The song resembles the sound of your heart pining for more. It’s her superpower.

“I hope people feel a sense of joy from this song,” she says, “thinking about how fortunate we are to have community in our lives and people to share the ups and downs of the human experience with.”

In this way, there is interpretation to her music. Both mentally, physically, and spiritually. Subconsciously, effortless adoration pours into a glass of hope for more.

Ramsey says the line she loves most in the tune is: I’ll take you over bridges you’ve been dreaming about. 

Why?

“This line reminds me of my time spent in New York walking across the Brooklyn Bridge with a companion, unknown adventures awaiting us,” Ramsey offers. “To me, it represents the passages into the unknown we all face, and how if we can bring a buddy with us on the journey, it makes all the difference in the world.”

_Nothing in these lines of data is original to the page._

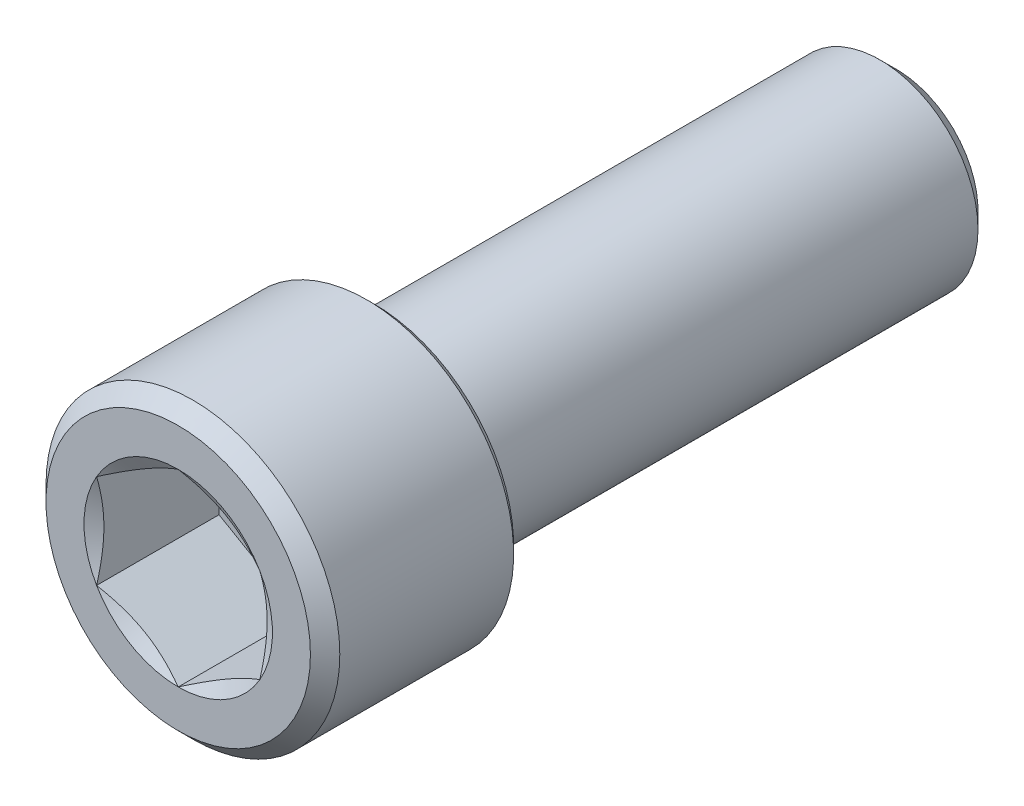
SolidWorks part; units mm, degrees
ref_plane "Front Plane" through (0, 0, 0) normal (0, 0, 1) x (1, 0, 0)
ref_plane "Top Plane" through (0, 0, 0) normal (0, 1, 0) x (1, 0, 0)
ref_plane "Right Plane" through (0, 0, 0) normal (1, 0, 0) x (0, 0, -1)
sketch "Sketch1" plane through (0, 0, 0) normal (1, 0, 0) x (0, 0, -1)
  line L0 (17.4625, 0) -> (-17.4625, 0) construction
  line L1 (-17.4625, 0) -> (-17.4625, 7.1437) construction
  line L2 (-7.9375, 4.7625) -> (-7.9375, 0) construction
  line L3 (16.4042, 0) -> (16.4042, 1.0583) construction
  line L4 (-7.9375, 0) -> (-7.9375, -4.7625) construction
  line L5 (17.4625, 4.7625) -> (17.4625, -4.7625) construction
  line L6 (-7.9375, 4.7625) -> (-7.9375, 7.1437) construction
  point P6 (-17.4625, 3.9687)
  point P9 (-17.4625, -3.9688)
  point P10 (-7.9375, 0)
  point P13 (13.7583, -4.7625)
  dimension "D1" = 1.0583
  dimension "D2" = 3.7042
sketch "Sketch2" plane through (0, 0, 0) normal (1, 0, 0) x (0, 0, -1)
  line L0 (17.4625, 3.9687) -> (16.6687, 4.7625)
  line L1 (-17.4625, 7.1437) -> (-7.9375, 7.1437)
  line L2 (-17.4625, 7.1437) -> (-17.4625, 0)
  line L4 (-7.9375, 7.1437) -> (-7.9375, 4.7625)
  line L5 (-7.9375, 4.7625) -> (16.6687, 4.7625)
  line L8 (17.4625, 3.9687) -> (17.4625, 0)
  line L9 (17.4625, 0) -> (-17.4625, 0) construction
  line L10 (17.4625, 0) -> (-17.4625, 0)
  dimension "D1" = 135
  dimension "D2" = 0.7938
revolve "Revolve1" add sketch "Sketch2" angle 360 about L10
sketch "Sketch4" plane through (0, 0, 17.4625) normal (0, 0, 1) x (1, 0, 0)
  line L1 (0, 4.5827) -> (-3.9688, 2.2914)
  line L2 (-3.9688, 2.2914) -> (-3.9687, -2.2914)
  line L3 (-3.9687, -2.2914) -> (0, -4.5827)
  line L4 (0, -4.5827) -> (3.9688, -2.2914)
  line L5 (3.9688, -2.2914) -> (3.9688, 2.2914)
  line L6 (3.9688, 2.2914) -> (0, 4.5827)
  circle A0 centre (0, 0) radius 3.9688 construction
  circle A1 centre (0, 0) radius 7.1437 construction
  circle A2 centre (0, 0) radius 7.1437 construction
  dimension "D1" = 7.9375
extrude "Cut-Extrude1" cut sketch "Sketch4" against normal blind 5.9531
sketch "Sketch5" plane through (0, 0, 17.4625) normal (0, 0, 1) x (1, 0, 0)
  circle A0 centre (0, 0) radius 4.5827
extrude "Cut-Extrude2" cut sketch "Sketch5" against normal blind 10 draft 60
chamfer "Chamfer1" distance 0.7144 angle 45 1 edges at (-7.1437, 0, 17.4625)
chamfer "Chamfer2" distance 0.3572 angle 45 1 edges at (-7.1437, 0, 7.9375)
sketch "Sketch3" [suppressed] plane through (0, 0, -17.4625) normal (0, 0, -1) x (-1, 0, 0)
  circle A0 centre (0, 0) radius 4.7625 construction
  circle A1 centre (0, 0) radius 4.7625
ref_axis "Center Axis1" through (0, 0, -5.7305) along (0, 0, 1)
ref_plane "Contact Plane1" through (0, 0, -17.4625) normal (0, 0, 1) x (1, 0, 0)
ref_plane "Contact Plane2" through (0, 0, 7.9375) normal (0, 0, 1) x (1, 0, 0)
ref_plane "Plane1" [suppressed] through (0, 0, 7.8052) normal (0, 0, -1) x (-1, 0, 0)
split "Split1" [suppressed] bodies to split 106
curve "Helix/Spiral1" [suppressed] pitch 1.0583 height 26.4583 turns 25
sketch "Sketch7" [suppressed] plane through (0, 0, 0) normal (1, 0, 0) x (0, 0, -1)
  line L0 (17.3964, 4.8771) -> (17.9255, 3.9605) construction
  line L1 (17.9255, 3.9605) -> (18.4547, 4.8771) construction
  line L2 (18.4547, 4.8771) -> (17.3964, 4.8771) construction
  line L3 (17.4625, 4.7625) -> (18.3885, 4.7625)
  line L4 (17.9255, 4.8771) -> (17.9255, 4.7625) construction
  line L5 (17.9255, 4.7625) -> (17.9255, 4.0751) construction
  line L6 (17.9255, 4.0751) -> (17.9255, 3.9605) construction
  line L7 (17.8594, 4.0751) -> (17.9917, 4.0751)
  line L9 (17.9917, 4.0751) -> (18.3885, 4.7625)
  line L10 (17.8594, 4.0751) -> (17.4625, 4.7625)
  line L11 (16.4042, 0) -> (16.4042, 1.0583) construction
  line L13 (17.4625, -4.7625) -> (17.4625, 4.7625)
  line L14 (17.4625, -4.7625) -> (17.4625, 4.7625) construction
  dimension "D2" = 0.1323
sweep "Cut-Sweep1" [suppressed] cut profiles "Sketch7" path "Helix/Spiral1"
sketch "Sketch12" [suppressed] plane through (0, 0, 7.8052) normal (0, 0, -1) x (-1, 0, 0)
  circle A0 centre (0, 0) radius 4.8683
  circle A1 centre (0, 0) radius 4.7625
  circle A2 centre (0, 0) radius 4.7625 construction
  dimension "D2" = 0.1058
extrude "Boss-Extrude5" [suppressed] add sketch "Sketch12" against normal up to surface (0.1323 mm away)
sketch "Sketch11" [suppressed] plane through (0, 0, 7.8052) normal (0, 0, -1) x (-1, 0, 0)
  circle A2 centre (0, 0) radius 4.8683
  circle A3 centre (0, 0) radius 4.8683
  dimension "D1" = 0
extrude "Boss-Extrude4" [suppressed] add sketch "Sketch11" along normal through all draft 59.674
sketch "Sketch9" [suppressed] plane through (0, 0, 7.9375) normal (0, 0, -1) x (-1, 0, 0)
  line L0 (0, 0) -> (0, 7.1437) construction
  line L1 (0, 6.7866) -> (-0.7488, 7.5009)
  line L2 (-0.7488, 7.5009) -> (0.7488, 7.5009)
  line L3 (0.7488, 7.5009) -> (0, 6.7866)
  line L4 (-0.3744, 7.1437) -> (0, 0) construction
  line L5 (0, 0) -> (0.3744, 7.1437) construction
  circle A0 centre (0, 0) radius 7.1437 construction
  circle A1 centre (0, 0) radius 6.7866 construction
  dimension "D1" = 0.7144
  dimension "D2" = 6
extrude "Cut-Extrude3" [suppressed] cut sketch "Sketch9" against normal up to next
pattern_circular "CirPattern1" [suppressed] count 60 over 360 of bodies 112
equation "\"Pitch Natural Taper Angle\"= ATN ( \"Pitch@Sketch1\" / 2 )"
equation "\"Rounded Angle Count\"= ROUND ( 60 / \"Pitch Natural Taper Angle\" )"
equation "\"Taper Angle\"= \"Rounded Angle Count\" * \"Pitch Natural Taper Angle\""
equation "\"D1@Sketch1\"=\"Pitch@Sketch1\""
equation "\"D2@Sketch2\"=\"D1@Sketch1\"*.75"
equation "\"D4@Helix/Spiral1\"=\"Pitch@Sketch1\""
equation "\"D3@Helix/Spiral1\"=\"Length@Sketch1\"+\"Pitch@Sketch1\""
equation "\"D1@Sketch4\" = \"Drive Size@Sketch1\""
equation "\"D1@Cut-Extrude1\"=\"D1@Sketch4\"*.75"
equation "\"D1@Chamfer1\" = \"Head Diameter@Sketch1\" * .05"
equation "\"D1@Chamfer2\"=\"D1@Chamfer1\"/2"
equation "\"D2@Sketch7\"=\"Pitch@Sketch1\"*0.125"
equation "\"D2@Sketch1\"=\"Pitch@Sketch1\"*3.5"
equation "\"D1@Sketch9\"=\"D1@Chamfer1\""
equation "\"D1@CirPattern1\"=\"D3@CirPattern1\"/\"D2@Sketch9\""
equation "\"D1@Plane1\"=\"Pitch@Sketch1\"*0.125"
equation "\"D3@Boss-Extrude4\"=\"Taper Angle\""
equation "\"D2@Sketch12\"=\"Pitch@Sketch1\"*0.1"

For Ramsey, songwriting has always begun with the music first, with instruments.

“For me,” she says, “songwriting has always started with the instruments. Playing piano from an early age, then guitar and other string instruments like mandolin and banjo, help put me in a state where my mind could be calm and meditative enough to explore and articulate emotions and experiences that could otherwise be difficult to put into words. The first songs I wrote would oftentimes be about nature, colors, and the feelings of love and freedom those things brought to me. But the music almost always came first. Music, then lyrics, and it’s still that way.”

Ramsey will release her next solo LP, Like A Dream, on which “Come Home With Me” appears, on September 23. And she will host a release show in Seattle’s famed theater, The Triple Door. There, she will showcase the musical touch she’s mastered after so many years of refinement.

“I write about the experiences I have or see in others, that are confusing, joyful, epic, or painful to process without the lens of music to help interpret them,” Ramsey says. “I love writing arrangements with warm, comforting soundscapes, lush harmonies that paint a visual picture in your head as you listen.”